Perhaps Ferraro was pandering to those who resent affirmative action. Perhaps she wasn’t. In place of a perfunctory reference to the intentional fallacy, I’ll simply say that what she meant in making her comment ceased to matter in any real way once that comment was appropriated by the media. And let’s not forget that the pundits who declared themselves, in the last few days, Morally Affronted by Ferraro’s comments are often the same pundits who have been celebrating Obama’s “post-racial” identity in their commentary—conveniently forgetting, again, that it is precisely Obama’s race that allows him to embody the promise of a post-racial America. And they’re often the same pundits who, when the campaigns were just heating up last year, wondered aloud, “Is this country ready for a black president?” If you ask a question, guys, you have at least to be willing to hear its answers—whether they affirm your hopes or confound them.
There’s an element of pack journalism, certainly, in the furor over Ferrarogate. (Indeed, reading and watching and hearing some of the coverage, it was hard not to imagine a pack of wolves, salivating as they homed in on the warm carcass of Ferraro’s reputation.) Given a media culture so ready to pounce on its pundits with accusations of racism, it’s much safer for those pundits to stay, safely, in the center of the pack; the outliers, as Ferraro’s case makes clear, are the ones most at risk of being attacked.
There’s likely an element of passive aggression, as well, in those attacks—a strain of self-preservation that manifests itself in preemptive strikes against charges of racism. (If I’m vehemently decrying Ferraro for being racist, then obviously there’s no way I’m racist. “Let him who is without sin cast the first stone,” and whatnot.) And this sense of defensiveness when it comes to race, it’s worth noting, isn’t limited to the media. See, as just one example, Saturday Night Live, which, before making “in the tank” the buzzphrase for alleged media bias this primary season, made headlines for the apparently agonizing time it was having finding someone to play Barack Obama (“Fauxbama,” as it were) on the show, given the touchiness of casting either a black man or a white man to portray—and poke fun at—the senator. The only solution the SNLers found, until they finally tapped the olive-skinned Fred Armisen to play the part, was to have Obama come on the show to play himself.
In today’s Washington Post, Charles Krauthammer writes of Ferrarogate,
The optimist will say that when this is over, we will look back on the Clinton-Obama contest, and its looming ugly endgame, as the low point of identity politics and the beginning of a turning away. The pessimist will just vote Republican.

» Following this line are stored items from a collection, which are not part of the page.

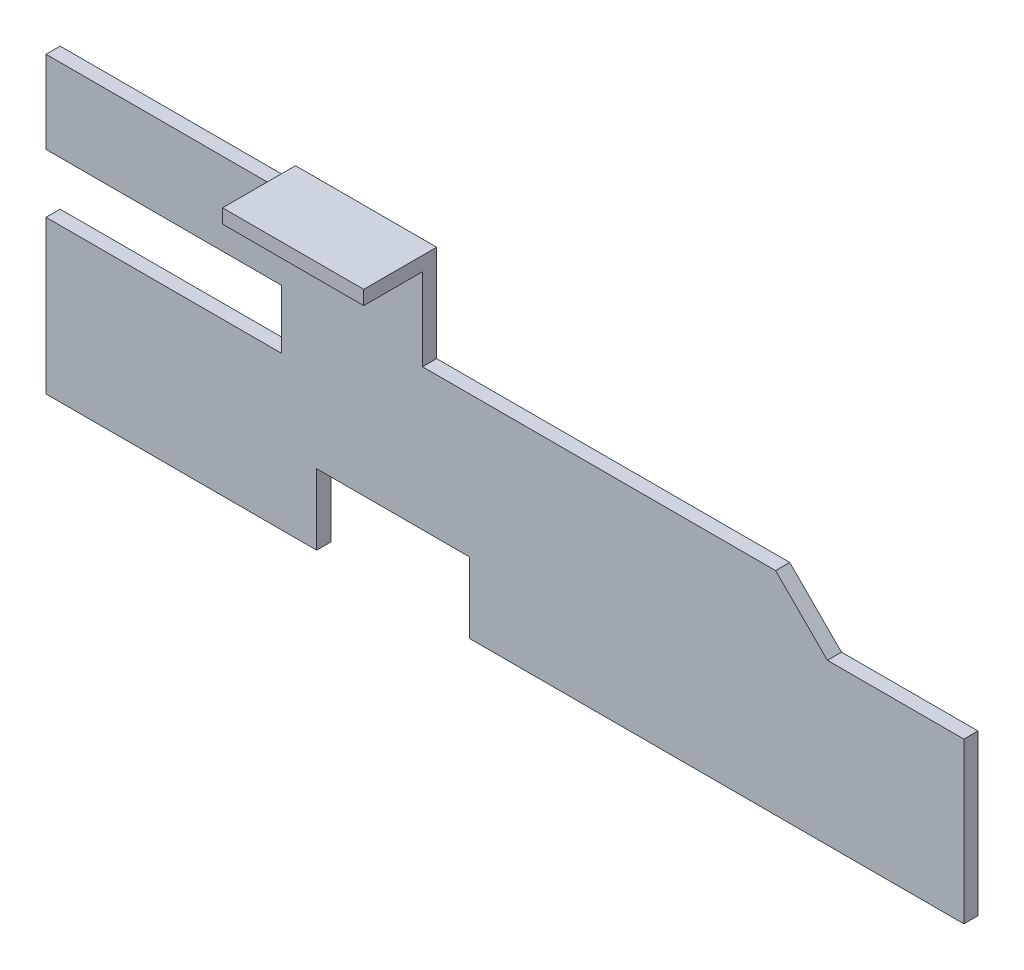
ISO-10303-21;
HEADER;
FILE_DESCRIPTION(('STEP AP214'),'2;1');
FILE_NAME('part.step','',(''),(''),'','','');
FILE_SCHEMA(('AUTOMOTIVE_DESIGN { 1 0 10303 214 1 1 1 1 }'));
ENDSEC;
DATA;
#1=APPLICATION_CONTEXT('core data for automotive mechanical design processes');
#2=APPLICATION_PROTOCOL_DEFINITION('international standard','automotive_design',2000,#1);
#3=PRODUCT_CONTEXT('',#1,'mechanical');
#4=PRODUCT('Part','Part','',(#3));
#5=PRODUCT_RELATED_PRODUCT_CATEGORY('part','',(#4));
#6=PRODUCT_DEFINITION_FORMATION('','',#4);
#7=PRODUCT_DEFINITION_CONTEXT('part definition',#1,'design');
#8=PRODUCT_DEFINITION('design','',#6,#7);
#9=PRODUCT_DEFINITION_SHAPE('','',#8);
#10=(LENGTH_UNIT() NAMED_UNIT(*) SI_UNIT(.MILLI.,.METRE.));
#11=(NAMED_UNIT(*) PLANE_ANGLE_UNIT() SI_UNIT($,.RADIAN.));
#12=(NAMED_UNIT(*) SI_UNIT($,.STERADIAN.) SOLID_ANGLE_UNIT());
#13=UNCERTAINTY_MEASURE_WITH_UNIT(LENGTH_MEASURE(1.E-05),#10,'distance_accuracy_value','');
#14=(GEOMETRIC_REPRESENTATION_CONTEXT(3) GLOBAL_UNCERTAINTY_ASSIGNED_CONTEXT((#13)) GLOBAL_UNIT_ASSIGNED_CONTEXT((#10,
#11,#12)) REPRESENTATION_CONTEXT('',''));
#15=CARTESIAN_POINT('',(0.,0.,0.));
#16=DIRECTION('',(0.,0.,1.));
#17=DIRECTION('',(1.,0.,0.));
#18=AXIS2_PLACEMENT_3D('',#15,#16,#17);
#19=CARTESIAN_POINT('',(0.,6.5,0.6));
#20=DIRECTION('',(1.,0.,0.));
#21=DIRECTION('',(0.,1.,0.));
#22=AXIS2_PLACEMENT_3D('',#19,#20,#21);
#23=PLANE('',#22);
#24=DIRECTION('',(0.,-1.,0.));
#25=VECTOR('',#24,1.);
#26=CARTESIAN_POINT('',(0.,6.5,0.));
#27=LINE('',#26,#25);
#28=CARTESIAN_POINT('',(0.,6.5,0.));
#29=VERTEX_POINT('',#28);
#30=CARTESIAN_POINT('',(0.,0.,0.));
#31=VERTEX_POINT('',#30);
#32=EDGE_CURVE('E185',#29,#31,#27,.T.);
#33=ORIENTED_EDGE('',*,*,#32,.T.);
#34=DIRECTION('',(0.,0.,-1.));
#35=VECTOR('',#34,1.);
#36=CARTESIAN_POINT('',(0.,0.,0.6));
#37=LINE('',#36,#35);
#38=CARTESIAN_POINT('',(0.,0.,0.6));
#39=VERTEX_POINT('',#38);
#40=EDGE_CURVE('E11',#39,#31,#37,.T.);
#41=ORIENTED_EDGE('',*,*,#40,.F.);
#42=DIRECTION('',(0.,-1.,0.));
#43=VECTOR('',#42,1.);
#44=CARTESIAN_POINT('',(0.,6.5,0.6));
#45=LINE('',#44,#43);
#46=CARTESIAN_POINT('',(0.,6.5,0.6));
#47=VERTEX_POINT('',#46);
#48=EDGE_CURVE('E219',#47,#39,#45,.T.);
#49=ORIENTED_EDGE('',*,*,#48,.F.);
#50=DIRECTION('',(0.,0.,-1.));
#51=VECTOR('',#50,1.);
#52=CARTESIAN_POINT('',(0.,6.5,0.6));
#53=LINE('',#52,#51);
#54=EDGE_CURVE('E181',#47,#29,#53,.T.);
#55=ORIENTED_EDGE('',*,*,#54,.T.);
#56=EDGE_LOOP('',(#33,#41,#49,#55));
#57=FACE_BOUND('',#56,.T.);
#58=ADVANCED_FACE('F35',(#57),#23,.F.);
#59=CARTESIAN_POINT('',(0.,0.,0.6));
#60=DIRECTION('',(0.,1.,0.));
#61=DIRECTION('',(0.,0.,1.));
#62=AXIS2_PLACEMENT_3D('',#59,#60,#61);
#63=PLANE('',#62);
#64=DIRECTION('',(1.,0.,0.));
#65=VECTOR('',#64,1.);
#66=CARTESIAN_POINT('',(0.,0.,0.));
#67=LINE('',#66,#65);
#68=CARTESIAN_POINT('',(11.5,0.,0.));
#69=VERTEX_POINT('',#68);
#70=EDGE_CURVE('E188',#31,#69,#67,.T.);
#71=ORIENTED_EDGE('',*,*,#70,.T.);
#72=DIRECTION('',(0.,0.,-1.));
#73=VECTOR('',#72,1.);
#74=CARTESIAN_POINT('',(11.5,0.,0.6));
#75=LINE('',#74,#73);
#76=CARTESIAN_POINT('',(11.5,0.,0.6));
#77=VERTEX_POINT('',#76);
#78=EDGE_CURVE('E44',#77,#69,#75,.T.);
#79=ORIENTED_EDGE('',*,*,#78,.F.);
#80=DIRECTION('',(1.,0.,0.));
#81=VECTOR('',#80,1.);
#82=CARTESIAN_POINT('',(0.,0.,0.6));
#83=LINE('',#82,#81);
#84=EDGE_CURVE('E121',#39,#77,#83,.T.);
#85=ORIENTED_EDGE('',*,*,#84,.F.);
#86=ORIENTED_EDGE('',*,*,#40,.T.);
#87=EDGE_LOOP('',(#71,#79,#85,#86));
#88=FACE_BOUND('',#87,.T.);
#89=ADVANCED_FACE('F298',(#88),#63,.F.);
#90=CARTESIAN_POINT('',(11.5,0.,0.6));
#91=DIRECTION('',(-1.,0.,0.));
#92=DIRECTION('',(0.,0.,1.));
#93=AXIS2_PLACEMENT_3D('',#90,#91,#92);
#94=PLANE('',#93);
#95=DIRECTION('',(0.,1.,0.));
#96=VECTOR('',#95,1.);
#97=CARTESIAN_POINT('',(11.5,0.,0.));
#98=LINE('',#97,#96);
#99=CARTESIAN_POINT('',(11.5,3.,0.));
#100=VERTEX_POINT('',#99);
#101=EDGE_CURVE('E191',#69,#100,#98,.T.);
#102=ORIENTED_EDGE('',*,*,#101,.T.);
#103=DIRECTION('',(0.,0.,-1.));
#104=VECTOR('',#103,1.);
#105=CARTESIAN_POINT('',(11.5,3.,0.6));
#106=LINE('',#105,#104);
#107=CARTESIAN_POINT('',(11.5,3.,0.6));
#108=VERTEX_POINT('',#107);
#109=EDGE_CURVE('E250',#108,#100,#106,.T.);
#110=ORIENTED_EDGE('',*,*,#109,.F.);
#111=DIRECTION('',(0.,1.,0.));
#112=VECTOR('',#111,1.);
#113=CARTESIAN_POINT('',(11.5,0.,0.6));
#114=LINE('',#113,#112);
#115=EDGE_CURVE('E483',#77,#108,#114,.T.);
#116=ORIENTED_EDGE('',*,*,#115,.F.);
#117=ORIENTED_EDGE('',*,*,#78,.T.);
#118=EDGE_LOOP('',(#102,#110,#116,#117));
#119=FACE_BOUND('',#118,.T.);
#120=ADVANCED_FACE('F302',(#119),#94,.F.);
#121=CARTESIAN_POINT('',(11.5,3.,0.6));
#122=DIRECTION('',(0.,1.,0.));
#123=DIRECTION('',(0.,0.,1.));
#124=AXIS2_PLACEMENT_3D('',#121,#122,#123);
#125=PLANE('',#124);
#126=DIRECTION('',(1.,0.,0.));
#127=VECTOR('',#126,1.);
#128=CARTESIAN_POINT('',(11.5,3.,0.));
#129=LINE('',#128,#127);
#130=CARTESIAN_POINT('',(18.,3.,0.));
#131=VERTEX_POINT('',#130);
#132=EDGE_CURVE('E193',#100,#131,#129,.T.);
#133=ORIENTED_EDGE('',*,*,#132,.T.);
#134=DIRECTION('',(0.,0.,-1.));
#135=VECTOR('',#134,1.);
#136=CARTESIAN_POINT('',(18.,3.,0.6));
#137=LINE('',#136,#135);
#138=CARTESIAN_POINT('',(18.,3.,0.6));
#139=VERTEX_POINT('',#138);
#140=EDGE_CURVE('E247',#139,#131,#137,.T.);
#141=ORIENTED_EDGE('',*,*,#140,.F.);
#142=DIRECTION('',(1.,0.,0.));
#143=VECTOR('',#142,1.);
#144=CARTESIAN_POINT('',(11.5,3.,0.6));
#145=LINE('',#144,#143);
#146=EDGE_CURVE('E480',#108,#139,#145,.T.);
#147=ORIENTED_EDGE('',*,*,#146,.F.);
#148=ORIENTED_EDGE('',*,*,#109,.T.);
#149=EDGE_LOOP('',(#133,#141,#147,#148));
#150=FACE_BOUND('',#149,.T.);
#151=ADVANCED_FACE('F306',(#150),#125,.F.);
#152=CARTESIAN_POINT('',(18.,3.,0.6));
#153=DIRECTION('',(1.,0.,0.));
#154=DIRECTION('',(0.,0.,-1.));
#155=AXIS2_PLACEMENT_3D('',#152,#153,#154);
#156=PLANE('',#155);
#157=DIRECTION('',(0.,-1.,0.));
#158=VECTOR('',#157,1.);
#159=CARTESIAN_POINT('',(18.,3.,0.));
#160=LINE('',#159,#158);
#161=CARTESIAN_POINT('',(18.,0.,0.));
#162=VERTEX_POINT('',#161);
#163=EDGE_CURVE('E195',#131,#162,#160,.T.);
#164=ORIENTED_EDGE('',*,*,#163,.T.);
#165=DIRECTION('',(0.,0.,-1.));
#166=VECTOR('',#165,1.);
#167=CARTESIAN_POINT('',(18.,0.,0.6));
#168=LINE('',#167,#166);
#169=CARTESIAN_POINT('',(18.,0.,0.6));
#170=VERTEX_POINT('',#169);
#171=EDGE_CURVE('E244',#170,#162,#168,.T.);
#172=ORIENTED_EDGE('',*,*,#171,.F.);
#173=DIRECTION('',(0.,-1.,0.));
#174=VECTOR('',#173,1.);
#175=CARTESIAN_POINT('',(18.,3.,0.6));
#176=LINE('',#175,#174);
#177=EDGE_CURVE('E477',#139,#170,#176,.T.);
#178=ORIENTED_EDGE('',*,*,#177,.F.);
#179=ORIENTED_EDGE('',*,*,#140,.T.);
#180=EDGE_LOOP('',(#164,#172,#178,#179));
#181=FACE_BOUND('',#180,.T.);
#182=ADVANCED_FACE('F312',(#181),#156,.F.);
#183=CARTESIAN_POINT('',(18.,0.,0.6));
#184=DIRECTION('',(0.,1.,0.));
#185=DIRECTION('',(0.,0.,1.));
#186=AXIS2_PLACEMENT_3D('',#183,#184,#185);
#187=PLANE('',#186);
#188=DIRECTION('',(1.,0.,0.));
#189=VECTOR('',#188,1.);
#190=CARTESIAN_POINT('',(18.,0.,0.));
#191=LINE('',#190,#189);
#192=CARTESIAN_POINT('',(39.,0.,0.));
#193=VERTEX_POINT('',#192);
#194=EDGE_CURVE('E197',#162,#193,#191,.T.);
#195=ORIENTED_EDGE('',*,*,#194,.T.);
#196=DIRECTION('',(0.,0.,-1.));
#197=VECTOR('',#196,1.);
#198=CARTESIAN_POINT('',(39.,0.,0.6));
#199=LINE('',#198,#197);
#200=CARTESIAN_POINT('',(39.,0.,0.6));
#201=VERTEX_POINT('',#200);
#202=EDGE_CURVE('E241',#201,#193,#199,.T.);
#203=ORIENTED_EDGE('',*,*,#202,.F.);
#204=DIRECTION('',(1.,0.,0.));
#205=VECTOR('',#204,1.);
#206=CARTESIAN_POINT('',(18.,0.,0.6));
#207=LINE('',#206,#205);
#208=EDGE_CURVE('E475',#170,#201,#207,.T.);
#209=ORIENTED_EDGE('',*,*,#208,.F.);
#210=ORIENTED_EDGE('',*,*,#171,.T.);
#211=EDGE_LOOP('',(#195,#203,#209,#210));
#212=FACE_BOUND('',#211,.T.);
#213=ADVANCED_FACE('F316',(#212),#187,.F.);
#214=CARTESIAN_POINT('',(39.,0.,0.6));
#215=DIRECTION('',(-1.,0.,0.));
#216=DIRECTION('',(0.,-1.,0.));
#217=AXIS2_PLACEMENT_3D('',#214,#215,#216);
#218=PLANE('',#217);
#219=DIRECTION('',(0.,1.,0.));
#220=VECTOR('',#219,1.);
#221=CARTESIAN_POINT('',(39.,0.,0.));
#222=LINE('',#221,#220);
#223=CARTESIAN_POINT('',(39.,6.8,0.));
#224=VERTEX_POINT('',#223);
#225=EDGE_CURVE('E199',#193,#224,#222,.T.);
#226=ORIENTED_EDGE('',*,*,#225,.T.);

He has a point, sort of. This is getting ugly; one does hope it’s a “low point.” We’re certainly at a critical juncture right now—not just in the Democratic nominating contest, but in the way we approach identity politics. And, by extension, in the way we approach our identity as a country. For all the other opportunities this unprecedented political contest provides, perhaps chief among them is the chance to step back and consider how, precisely, we in the media talk about that identity—and how, most importantly, we filter that conversation to our audiences. Obama won 91 percent—91 percent—of the black vote in Mississippi this Tuesday, according to exit polls. And on Wednesday morning, we got all the expected analyses of “Obama and the Black Vote,” parsing polling data, comparing Mississippi to other states, etc.—considering, you know, what such a striking discrepancy between Obama and Clinton means.
But: what does it mean? And not just in terms of glib, “Race Was a Big Factor in Mississippi” headlines, but in terms of the actual, on-the-ground intersection between race and politics in this country? And what does it mean that 72 percent of whites, according to those same exit polls, voted for Clinton? If we’re going to throw around the term “post-racial,” it’s worth stepping back and considering what, exactly, we mean by that. And if we’re going to celebrate Obama as a “transcendent” figure, it’s worth examining what, exactly, he’s transcending.